Witnesses rejoice when a child is born. In the Bible God's people rejoiced over the birth of their children, especially their firstborn. Even Jesus showed that childbirth was a blessed, happy event among God's people (Lk 1:57,58; 2:9-14; Jn 16:21).
Just looking at the birth of Christ would tell you that it was OK for God's people to rejoice and gather together in celebration of a birth. God Himself rejoiced when Jesus was born. The angels rejoiced and gathered together and even invited the shepherds to gather!
On the other hand, you will also note that there is not even one example in the Bible of God's faithful servants who commemorated the "birthday" of anyone. Jehovah's people celebrated other anniversaries but they did not memorialize the date of birth (Jn 10:22,23).
The idea of elevating an individual just because he was born is contrary to Christian principles. Birthdays are rooted in selfish pride.
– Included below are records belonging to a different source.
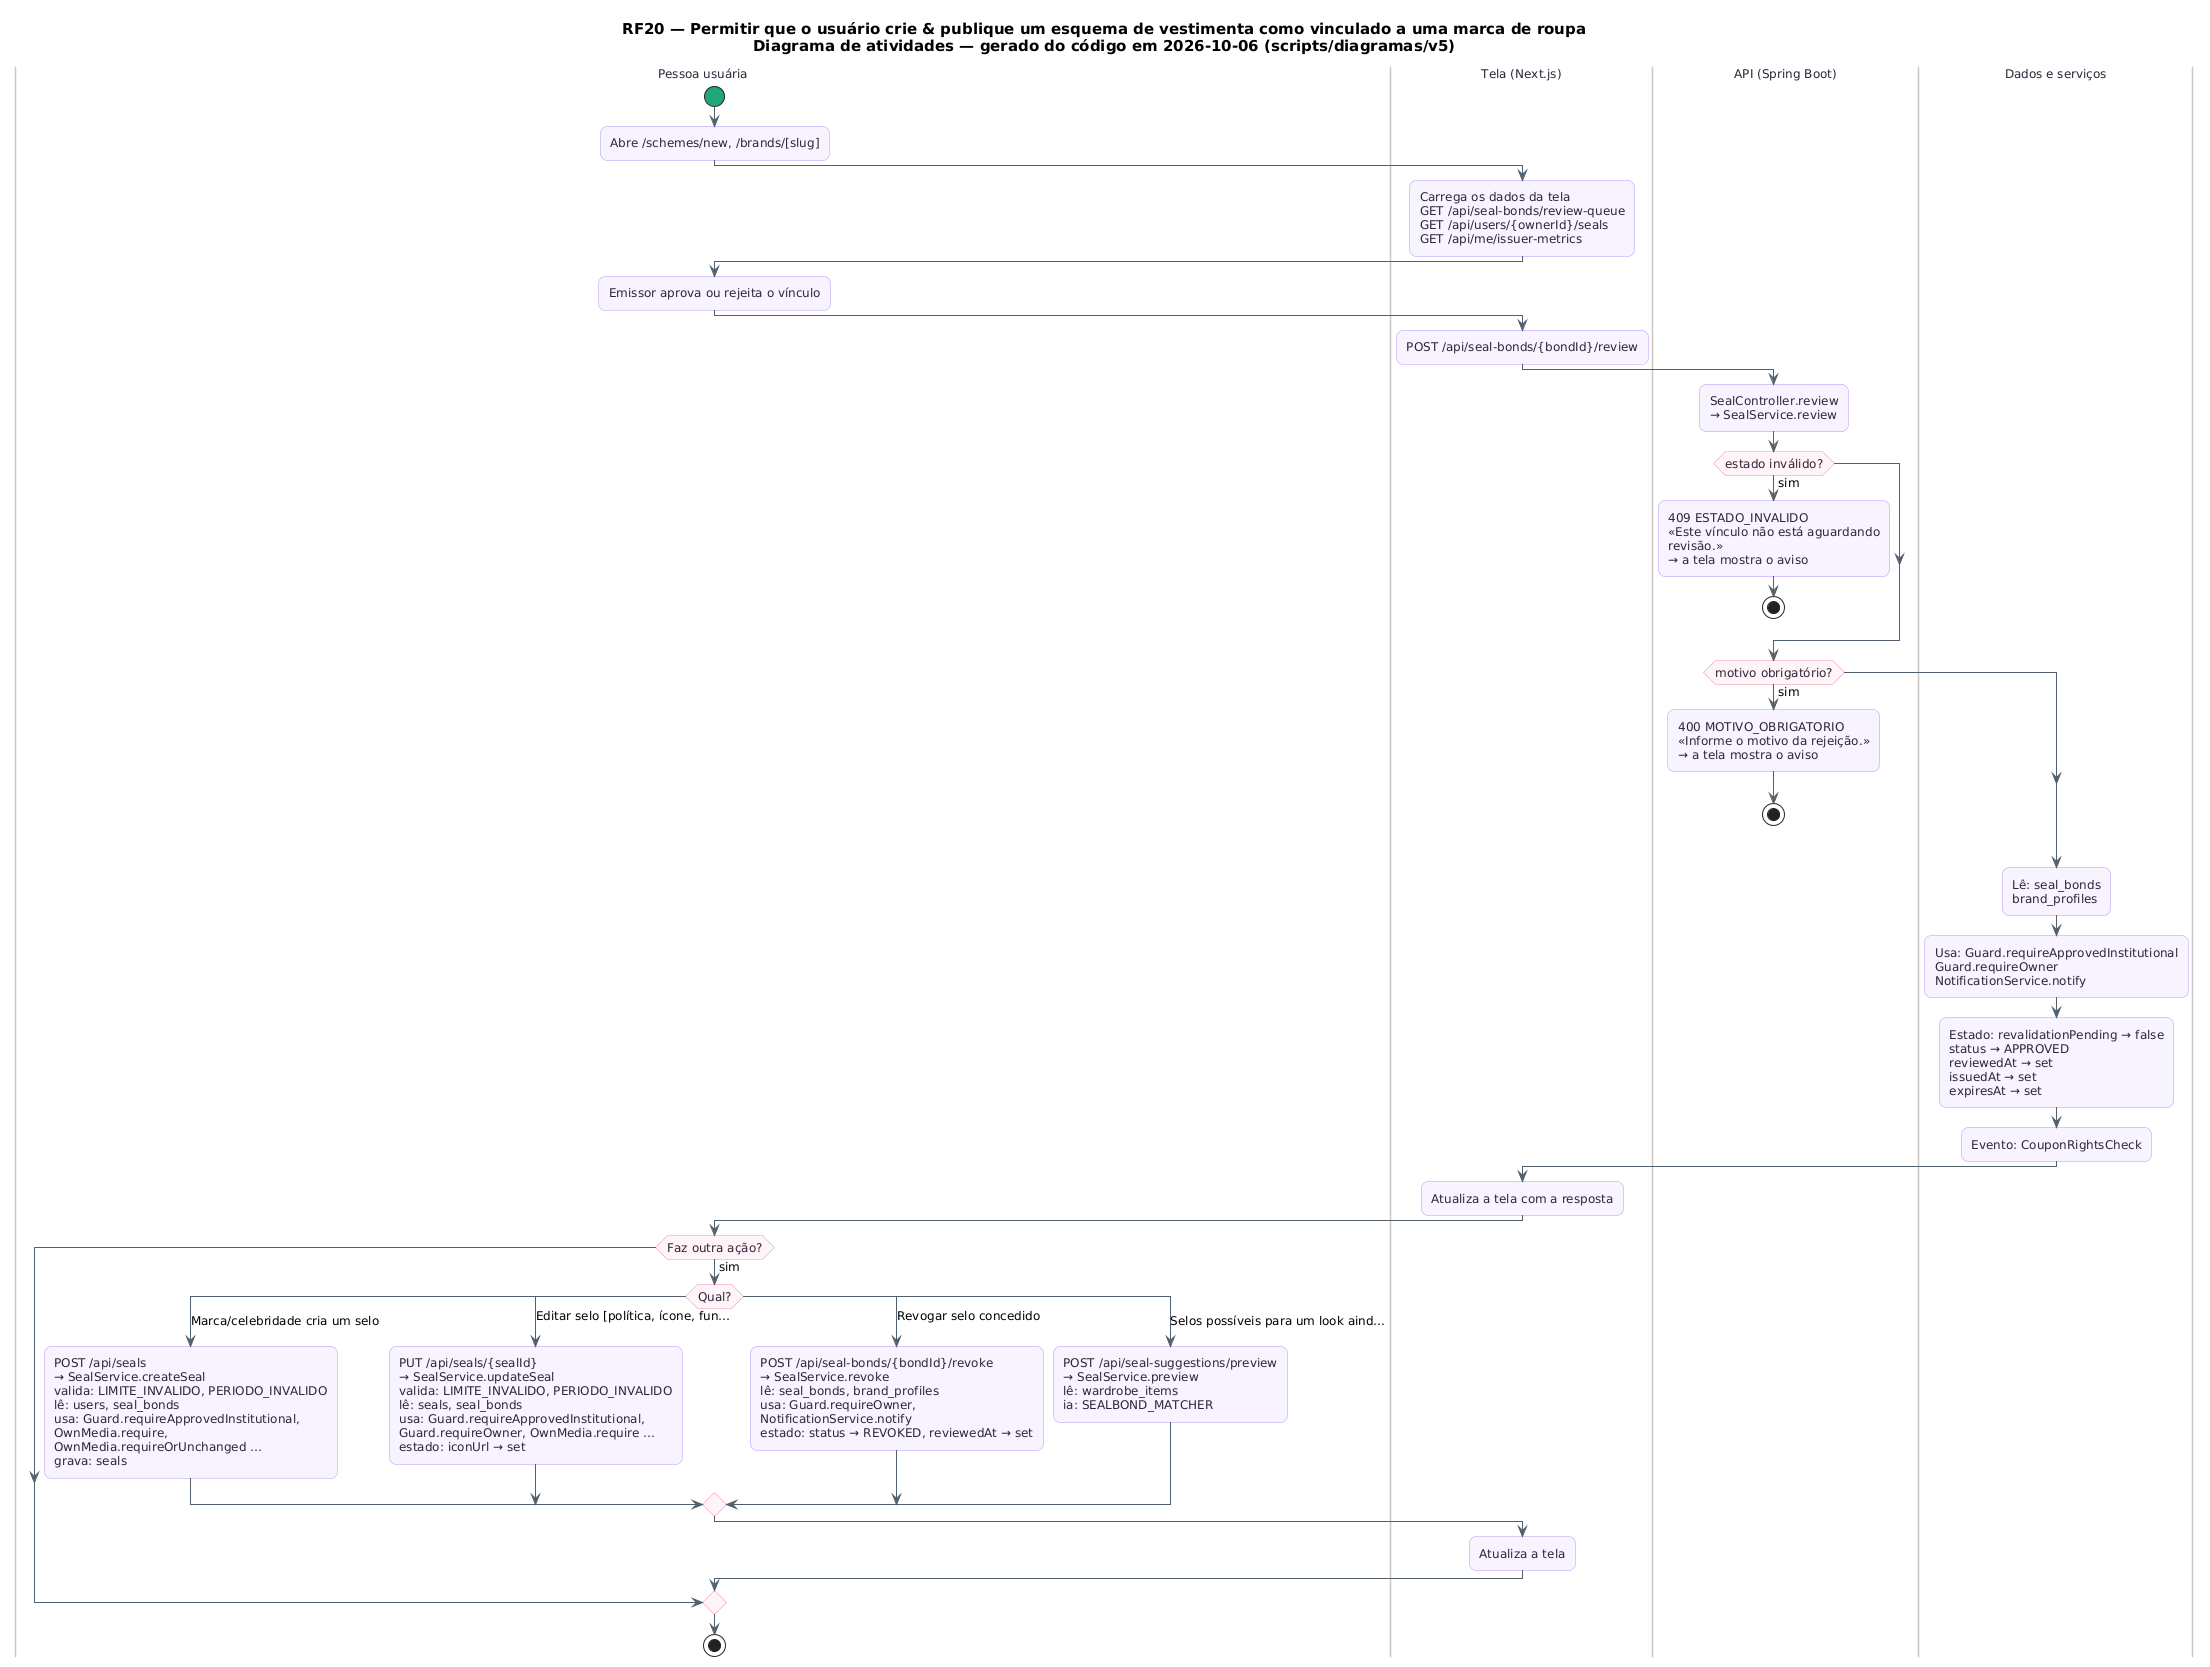

The diagram above was rendered by PlantUML. Its source (embedded in the PNG):
@startuml RF20_Atividades
skinparam backgroundColor #FFFFFF
skinparam shadowing false
skinparam defaultFontName "DejaVu Sans"
skinparam defaultFontSize 12
skinparam titleFontSize 15
skinparam roundcorner 14
skinparam ArrowColor #52606D
skinparam note {
  BackgroundColor #FFFDEB
  BorderColor #D8CE78
  FontColor #554F24
}
skinparam activity {
  BackgroundColor #F8F4FF
  BorderColor #B695F5
  FontColor #2D2438
  DiamondBackgroundColor #FFF5F8
  DiamondBorderColor #F08DB1
  StartColor #20A77A
  EndColor #4B5563
}
skinparam swimlane {
  BorderColor #CBC6BE
  TitleFontColor #2D2438
}
title RF20 — Permitir que o usuário crie & publique um esquema de vestimenta como vinculado a uma marca de roupa\nDiagrama de atividades — gerado do código em 2026-10-06 (scripts/diagramas/v5)

|Pessoa usuária|
start
:Abre /schemes/new, /brands/[slug];
|Tela (Next.js)|
:Carrega os dados da tela\nGET /api/seal-bonds/review-queue\nGET /api/users/{ownerId}/seals\nGET /api/me/issuer-metrics;
|Pessoa usuária|
:Emissor aprova ou rejeita o vínculo;
|Tela (Next.js)|
:POST /api/seal-bonds/{bondId}/review;
|API (Spring Boot)|
:SealController.review\n→ SealService.review;
if (estado inválido?) then (sim)
  :409 ESTADO_INVALIDO\n«Este vínculo não está aguardando\nrevisão.»\n→ a tela mostra o aviso;
  stop
endif
if (motivo obrigatório?) then (sim)
  :400 MOTIVO_OBRIGATORIO\n«Informe o motivo da rejeição.»\n→ a tela mostra o aviso;
  stop
endif
|Dados e serviços|
:Lê: seal_bonds\nbrand_profiles;
:Usa: Guard.requireApprovedInstitutional\nGuard.requireOwner\nNotificationService.notify;
:Estado: revalidationPending → false\nstatus → APPROVED\nreviewedAt → set\nissuedAt → set\nexpiresAt → set;
:Evento: CouponRightsCheck;
|Tela (Next.js)|
:Atualiza a tela com a resposta;
|Pessoa usuária|
if (Faz outra ação?) then (sim)
  switch (Qual?)
  case (Marca/celebridade cria um selo)
    :POST /api/seals\n→ SealService.createSeal\nvalida: LIMITE_INVALIDO, PERIODO_INVALIDO\nlê: users, seal_bonds\nusa: Guard.requireApprovedInstitutional,\nOwnMedia.require,\nOwnMedia.requireOrUnchanged …\ngrava: seals;
  case (Editar selo [política, ícone, fun…)
    :PUT /api/seals/{sealId}\n→ SealService.updateSeal\nvalida: LIMITE_INVALIDO, PERIODO_INVALIDO\nlê: seals, seal_bonds\nusa: Guard.requireApprovedInstitutional,\nGuard.requireOwner, OwnMedia.require …\nestado: iconUrl → set;
  case (Revogar selo concedido)
    :POST /api/seal-bonds/{bondId}/revoke\n→ SealService.revoke\nlê: seal_bonds, brand_profiles\nusa: Guard.requireOwner,\nNotificationService.notify\nestado: status → REVOKED, reviewedAt → set;
  case (Selos possíveis para um look aind…)
    :POST /api/seal-suggestions/preview\n→ SealService.preview\nlê: wardrobe_items\nia: SEALBOND_MATCHER;
  endswitch
  |Tela (Next.js)|
  :Atualiza a tela;
endif
|Pessoa usuária|
stop
@enduml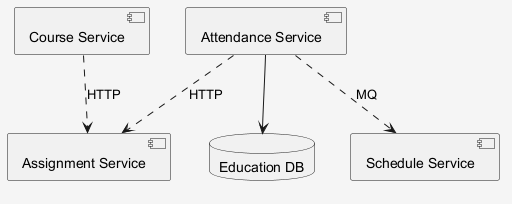

The diagram above was rendered by PlantUML. Its source (embedded in the PNG):
@startuml
skinparam shadowing false
skinparam backgroundColor #F5F5F5
component "Attendance Service" as C_AttendanceService
component "Course Service" as C_CourseService
component "Schedule Service" as C_ScheduleService
component "Assignment Service" as C_AssignmentService
database "Education DB" as DB_education
C_AttendanceService --> DB_education
C_AttendanceService ..> C_ScheduleService : MQ
C_CourseService ..> C_AssignmentService : HTTP
C_AttendanceService ..> C_AssignmentService : HTTP
@enduml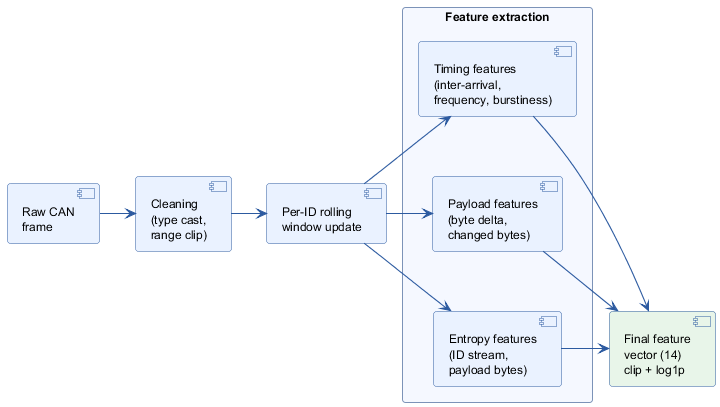

The diagram above was rendered by PlantUML. Its source (embedded in the PNG):
@startuml
skinparam backgroundColor white
skinparam defaultFontName Helvetica
skinparam defaultFontSize 12
skinparam shadowing false
skinparam roundcorner 6
skinparam ArrowColor #2C5AA0
skinparam ArrowThickness 1.1
skinparam component {
  BackgroundColor #EAF2FF
  BorderColor #2C5AA0
}
skinparam rectangle {
  BackgroundColor #F5F8FF
  BorderColor #7C93B8
}

component "Raw CAN\nframe" as Raw
component "Cleaning\n(type cast,\nrange clip)" as Clean
component "Per-ID rolling\nwindow update" as Roll

rectangle "Feature extraction" {
  component "Timing features\n(inter-arrival,\nfrequency, burstiness)" as Timing
  component "Payload features\n(byte delta,\nchanged bytes)" as Payload
  component "Entropy features\n(ID stream,\npayload bytes)" as Entropy
}

component "Final feature\nvector (14)\nclip + log1p" as Final #E8F5E9

Timing -[hidden]down- Payload
Payload -[hidden]down- Entropy

Raw -right-> Clean
Clean -right-> Roll
Roll -up-> Timing
Roll -right-> Payload
Roll -down-> Entropy
Timing -right-> Final
Payload -right-> Final
Entropy -right-> Final
@enduml

Jesus gave us a guiding principle of humility not self-exaltation (Mt. 23:12; Gal. 5:26).
While we might be able to avoid the egotistical aspect, a bigger principle is involved. It is a matter of practicing unadulterated True Worship. Celebrating birthdays was unheard of by God's people for hundreds of years after Christ and only came about with the corruption of True Christianity by false teachers.
Just the slightest research would tell you that celebrating birthdays is not a practice for True Christianity:
"The celebration of birthdays has been borrowed from the practices of other nations, as no mention is made of this custom in The Bible... In fact, it was an ancient Egyptian custom."--Customs and Traditions of Israel
"Early Christians did not celebrate the birth of Christ. Birthdays in themselves were associated with pagan practices; the Gospels say nothing about the actual date of Christ's birth."--The Making of the Modern Christmas, by Golby and Purdue
"The later Hebrews looked on the celebration of birthdays as a part of idolatrous worship."--The Imperial Bible- Dictionary
One periodical stated: "The various customs with which people today celebrate their birthdays have a long history. Their origins lie in the realm of magic and religion. The customs of offering congratulations, presenting gifts and celebrating - complete with lighted candles - in ancient times were meant to protect the birthday celebrant from the demons and to ensure his security for the coming year. . . . Down to the fourth century Christianity rejected the birthday celebration as a pagan custom."
"Birthday greetings and wishes for happiness are an intrinsic part of this holiday. . . . originally the idea was rooted in magic. The working of spells for good and evil is the chief usage of witchcraft. One is especially susceptible to such spells on his birthday, as one's personal spirits are about at the time. . . . Birthday greetings have power for good or ill because one is closer to the spirit world on this day....The keeping of birthday records was important in ancient times principally because a birth date was essential for the casting of a horoscope."--The Lore of Birthdays
Celebrating birthdays was adopted from superstition and false religion which corrupted true Christianity.
The Israelites also adopted a religious practice which they renamed as "a festival to Jehovah" and "sat down to eat and drink and to have a good time" (Ex.32:1-35). Even though the Israelites used this festival to worship the True God, God still viewed this as idolatry, and that is also true of customs today that are clearly derived from false religious practices (Lev.18:3; Deut.12:30, 31; Jer. 10:2; 1Cor.10:6-11). True Christians will listen to God's thinking and avoid any association with idolatrous, corruptive non-Christian practices in their pure worship of the True God.
We are told: "Therefore get out from among them, and separate yourselves, says Jehovah, and quit touching the unclean thing; and I will take you in."-2 Cor. 6:14-18, Isa.52:11; Gal.5:9)
The only birthday celebrations of Biblical record are of pagans and linked to instances of cruelty. Hence, the Scriptures clearly place birthday celebrations in a negative light, a fact that sincere Christians do not disregard.
Consequently, while it is entirely a private matter if Christians choose to take note of baby showers or wedding anniversaries, there are good reasons why mature Christians abstain from celebrating birthdays.
As a side note, pointing to the "wise men" as a reason to celebrate birthdays requires us to be ignorant of the Scriptures. First, they were not "wise men" but "magi" or astrologers and thus were not worshipers of the True God. Second, they were not even around at the time of Christ's birth and so their gifts were not for his "birthday." Notice that he was in a "house" and is described as a "young child," not as a newborn baby.—Mat 2:1-10.